#### EXERCISE AIM:
Lines in the listing below that hold "NUMERIQUE" are the ones to copy.

··········

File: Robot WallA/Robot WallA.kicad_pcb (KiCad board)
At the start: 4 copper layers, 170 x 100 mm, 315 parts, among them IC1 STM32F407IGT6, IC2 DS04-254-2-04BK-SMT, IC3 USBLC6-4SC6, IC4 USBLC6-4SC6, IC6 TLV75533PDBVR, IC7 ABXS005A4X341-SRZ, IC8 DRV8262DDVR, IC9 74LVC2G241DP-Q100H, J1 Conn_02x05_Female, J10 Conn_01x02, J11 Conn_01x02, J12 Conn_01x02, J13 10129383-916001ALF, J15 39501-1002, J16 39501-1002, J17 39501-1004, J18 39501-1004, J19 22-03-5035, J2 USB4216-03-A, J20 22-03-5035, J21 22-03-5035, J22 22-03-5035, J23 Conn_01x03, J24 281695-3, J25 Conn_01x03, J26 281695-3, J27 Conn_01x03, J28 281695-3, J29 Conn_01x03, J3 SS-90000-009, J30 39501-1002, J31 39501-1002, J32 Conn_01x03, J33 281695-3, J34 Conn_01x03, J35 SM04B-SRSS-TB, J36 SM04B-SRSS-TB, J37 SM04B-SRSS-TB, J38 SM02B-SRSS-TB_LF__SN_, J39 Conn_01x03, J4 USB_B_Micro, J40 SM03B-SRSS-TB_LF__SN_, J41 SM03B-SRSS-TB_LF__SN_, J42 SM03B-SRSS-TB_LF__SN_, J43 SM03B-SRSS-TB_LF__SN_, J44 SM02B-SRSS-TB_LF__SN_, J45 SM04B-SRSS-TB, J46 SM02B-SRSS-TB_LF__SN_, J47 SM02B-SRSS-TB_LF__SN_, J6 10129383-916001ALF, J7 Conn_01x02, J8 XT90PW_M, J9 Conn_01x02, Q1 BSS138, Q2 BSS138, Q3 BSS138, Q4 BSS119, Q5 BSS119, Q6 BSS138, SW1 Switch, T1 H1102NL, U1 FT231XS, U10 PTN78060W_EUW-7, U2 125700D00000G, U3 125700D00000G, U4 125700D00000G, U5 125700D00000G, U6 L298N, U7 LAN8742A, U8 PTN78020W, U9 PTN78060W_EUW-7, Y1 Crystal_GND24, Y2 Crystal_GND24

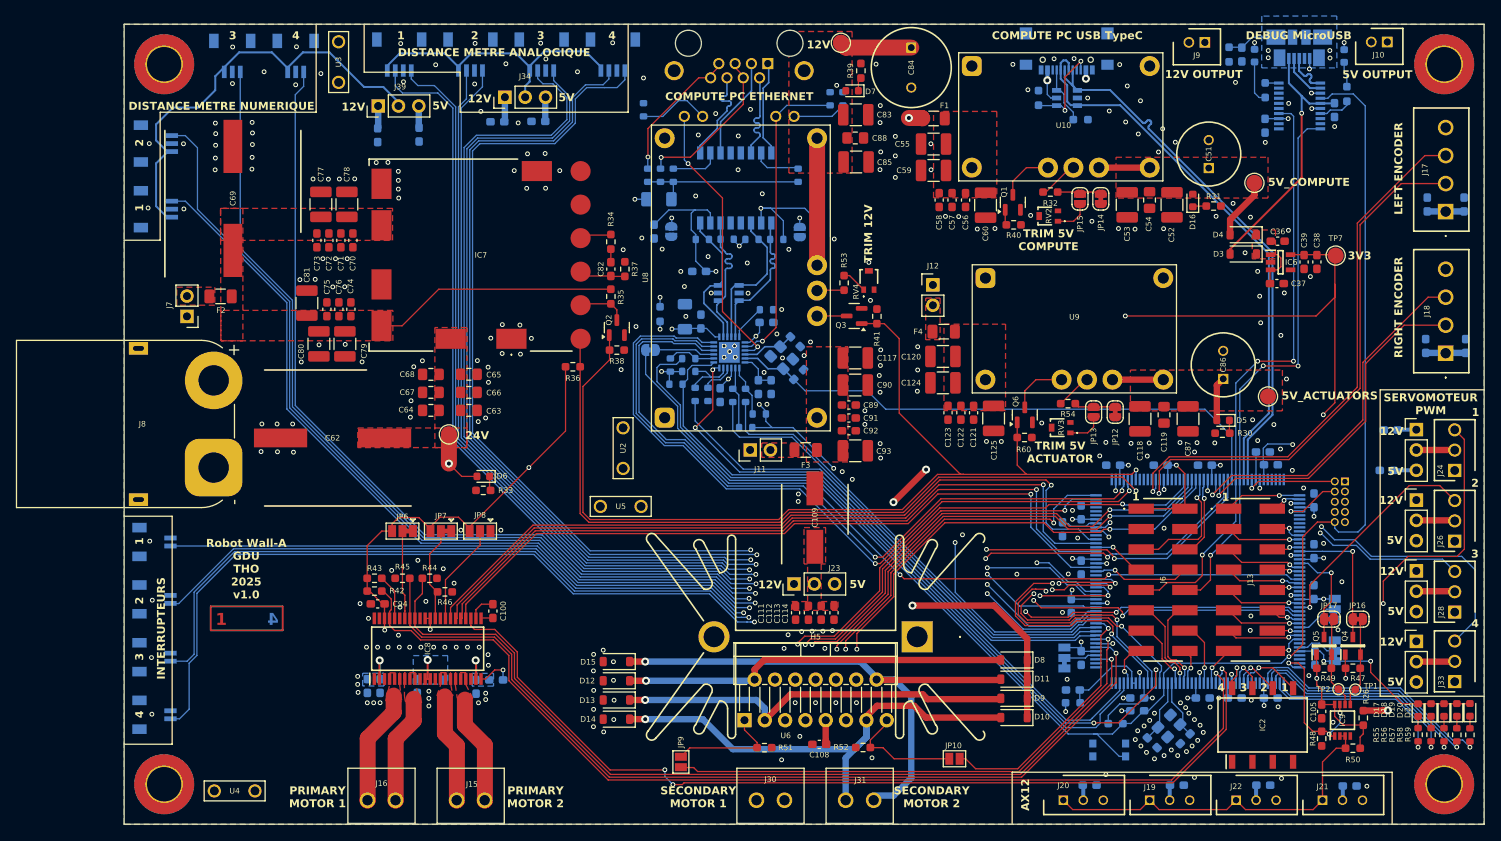
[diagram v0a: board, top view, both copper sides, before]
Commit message: Moved 24V boost to be correct assembly issue with heatsink fixation collisions
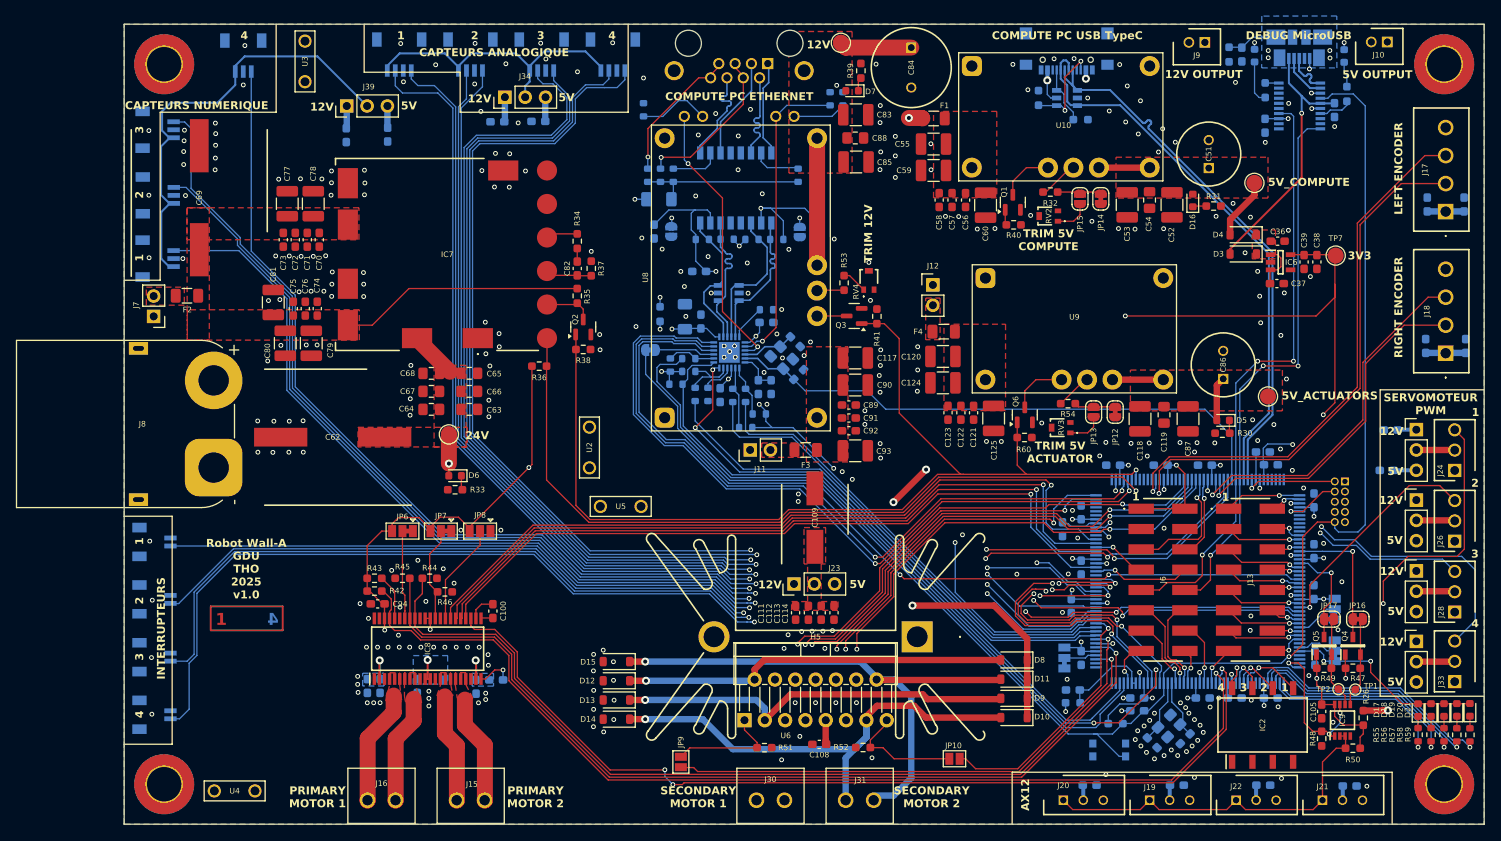
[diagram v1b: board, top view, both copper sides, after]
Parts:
- moved J41 13.8 mm to (58.9, 52.7), turned to 90 degrees
- moved J43 6.55 mm to (70.1, 42.9)
- moved J42 6.48 mm to (59.0, 60.9)
- moved J40 6.18 mm to (58.9, 68.8)
- moved C69 4.20 mm to (64.6, 61.2)
- moved C70 4.20 mm to (79.6, 66.4)
- moved C71 4.20 mm to (78.1, 66.4)
- moved C72 4.20 mm to (76.6, 66.4)
- moved C73 4.20 mm to (75.1, 66.4)
- moved C74 4.20 mm to (79.3, 75.0)
- moved C75 4.20 mm to (76.3, 75.0)
- moved C76 4.20 mm to (77.8, 75.0)
- moved C77 4.20 mm to (75.6, 61.9)
- moved C78 4.20 mm to (78.8, 61.9)
- moved C79 4.20 mm to (78.6, 79.4)
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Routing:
- net /MCU/SENSORS9: track 177.3 -> 168.7 mm
- net /MCU/SENSORS8: track 177.5 -> 173.0 mm
- net /Sensors/Vcc: track 52.5 -> 56.6 mm
- net /MCU/SENSORS10: track 188.0 -> 184.1 mm
- net /Motor/5V: track 403.4 -> 407.3 mm
- net /Power/12V: track 383.6 -> 387.4 mm
- net /Power/24V: track 65.9 -> 69.1 mm
- net /Power/Vbatt: track 133.2 -> 135.4 mm
- net /Power/GPIO_PGOOD: track 96.4 -> 98.3 mm
- net /MCU/3V3: track 466.4 -> 464.7 mm
- net /Power/GPIO_ENABLE_POWER_SUPPLIES: track 129.7 -> 128.8 mm
- net /Power/Power_Boost_24V/TRIM: track 4.94 -> 5.78 mm
- net /Power/Power_Boost_24V/SENSE+: track 3.33 -> 3.97 mm
- net GND: vias 322 -> 324
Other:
- board text added: "CAPTEURS ANALOGIQUE"
- board text added: "CAPTEURS NUMERIQUE"
- board text removed: "DISTANCE METRE ANALOGIQUE"
- board text removed: "DISTANCE METRE NUMERIQUE"

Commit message: Added diode for Type-C connector in case we accidentally power the board with this connector.
Updated fab files
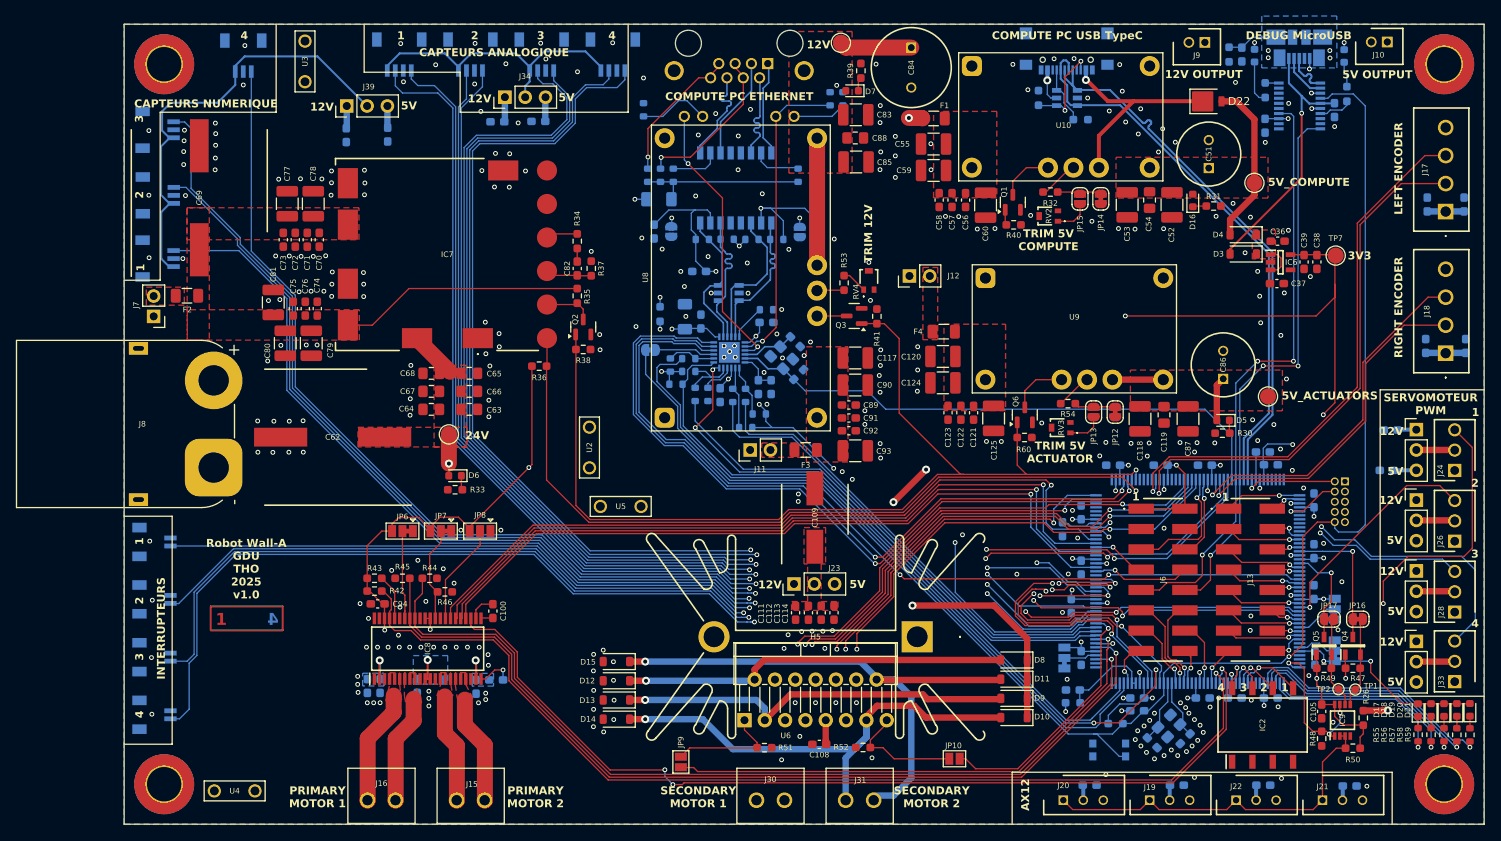
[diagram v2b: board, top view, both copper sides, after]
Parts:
- added D22: Diode 3A, Diode_SMD:D_SMP_DO-220AA, F.Cu at (190.7, 49.1)
- D17: value LED -> LED_YELLOW
- D18: value LED -> LED_ORANGE
- D19: value LED -> LED_GREEN
- D20: value LED -> LED_BLUE
- D21: value LED -> LED_RED
- moved J12 3.13 mm to (153.4, 71.0), turned to 90 degrees
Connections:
- IC3 pad 5: /MCU/5V_PC_EMBARQUE -> /MCU/MCU_Peripherals/5V_USB
- J2 pad A4: /MCU/5V_PC_EMBARQUE -> /MCU/MCU_Peripherals/5V_USB
- J2 pad B4: /MCU/5V_PC_EMBARQUE -> /MCU/MCU_Peripherals/5V_USB
- U10 pad 5: /MCU/5V_PC_EMBARQUE -> /MCU/MCU_Peripherals/5V_USB
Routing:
- net /MCU/MCU_Peripherals/5V_USB: track 0.00 -> 36.3 mm, vias 0 -> 2
- net /MCU/5V_PC_EMBARQUE: track 40.5 -> 20.7 mm, vias 2 -> 0
- net /Power/Vbatt: track 135.4 -> 132.4 mm
- net /MCU/SERVO3: track 68.2 -> 69.5 mm

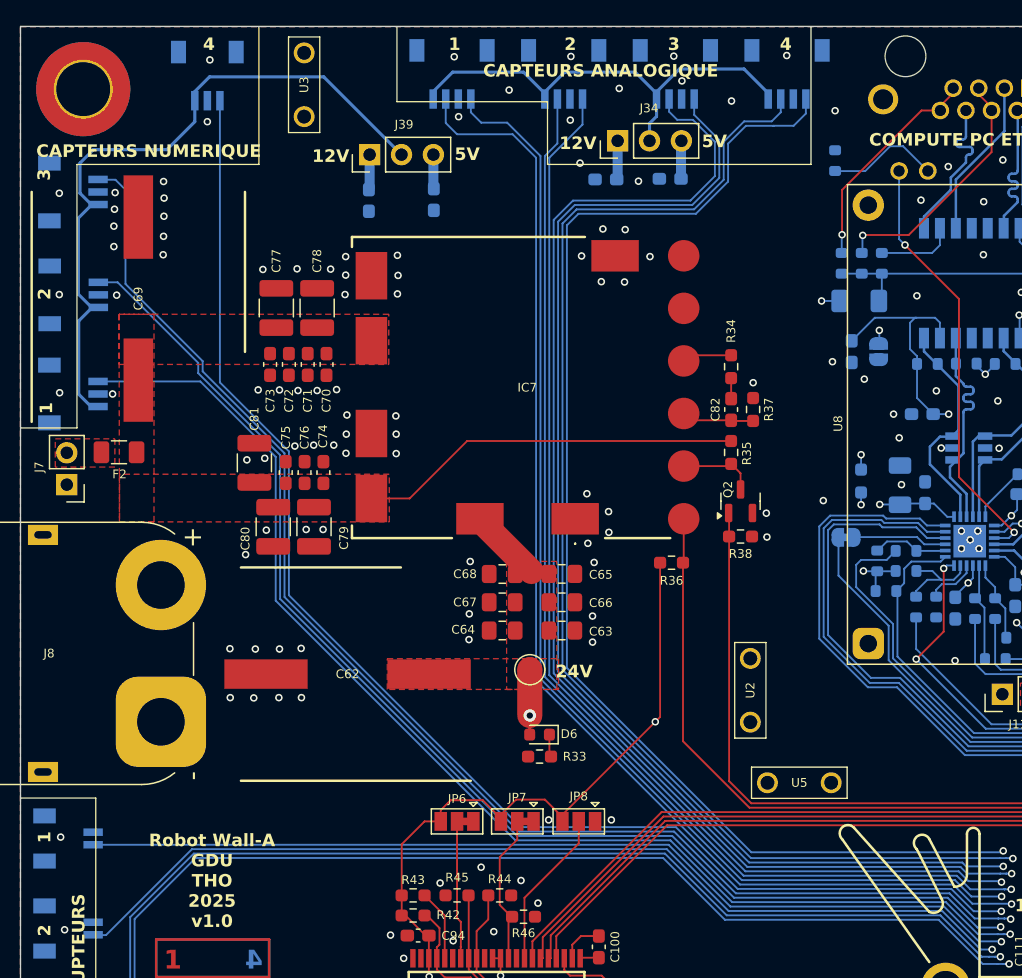
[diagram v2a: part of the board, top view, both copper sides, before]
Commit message: Added to BOM connectors and socket
Updated fab files
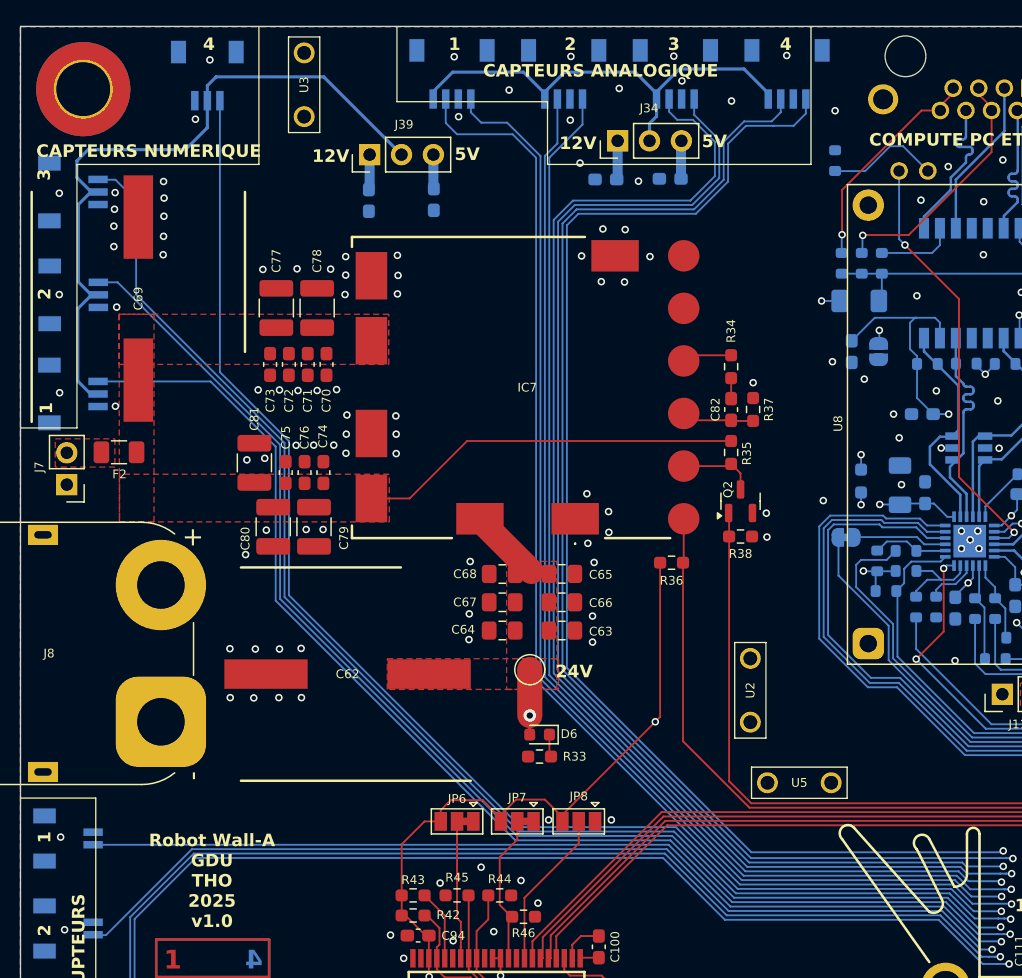
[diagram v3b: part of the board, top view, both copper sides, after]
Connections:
- J40 pad 1: /Sensors/Vcc -> GND
- J40 pad 2: GND -> /Sensors/Vcc
- J41 pad 1: /Sensors/Vcc -> GND
- J41 pad 2: GND -> /Sensors/Vcc
- J42 pad 1: /Sensors/Vcc -> GND
- J42 pad 2: GND -> /Sensors/Vcc
- J43 pad 1: /Sensors/Vcc -> GND
- J43 pad 2: GND -> /Sensors/Vcc
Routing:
- net GND: track 19.7 -> 22.4 mm

··········

#### EXERCISE RESULT:
- board text added: "CAPTEURS NUMERIQUE"
- board text removed: "DISTANCE METRE NUMERIQUE"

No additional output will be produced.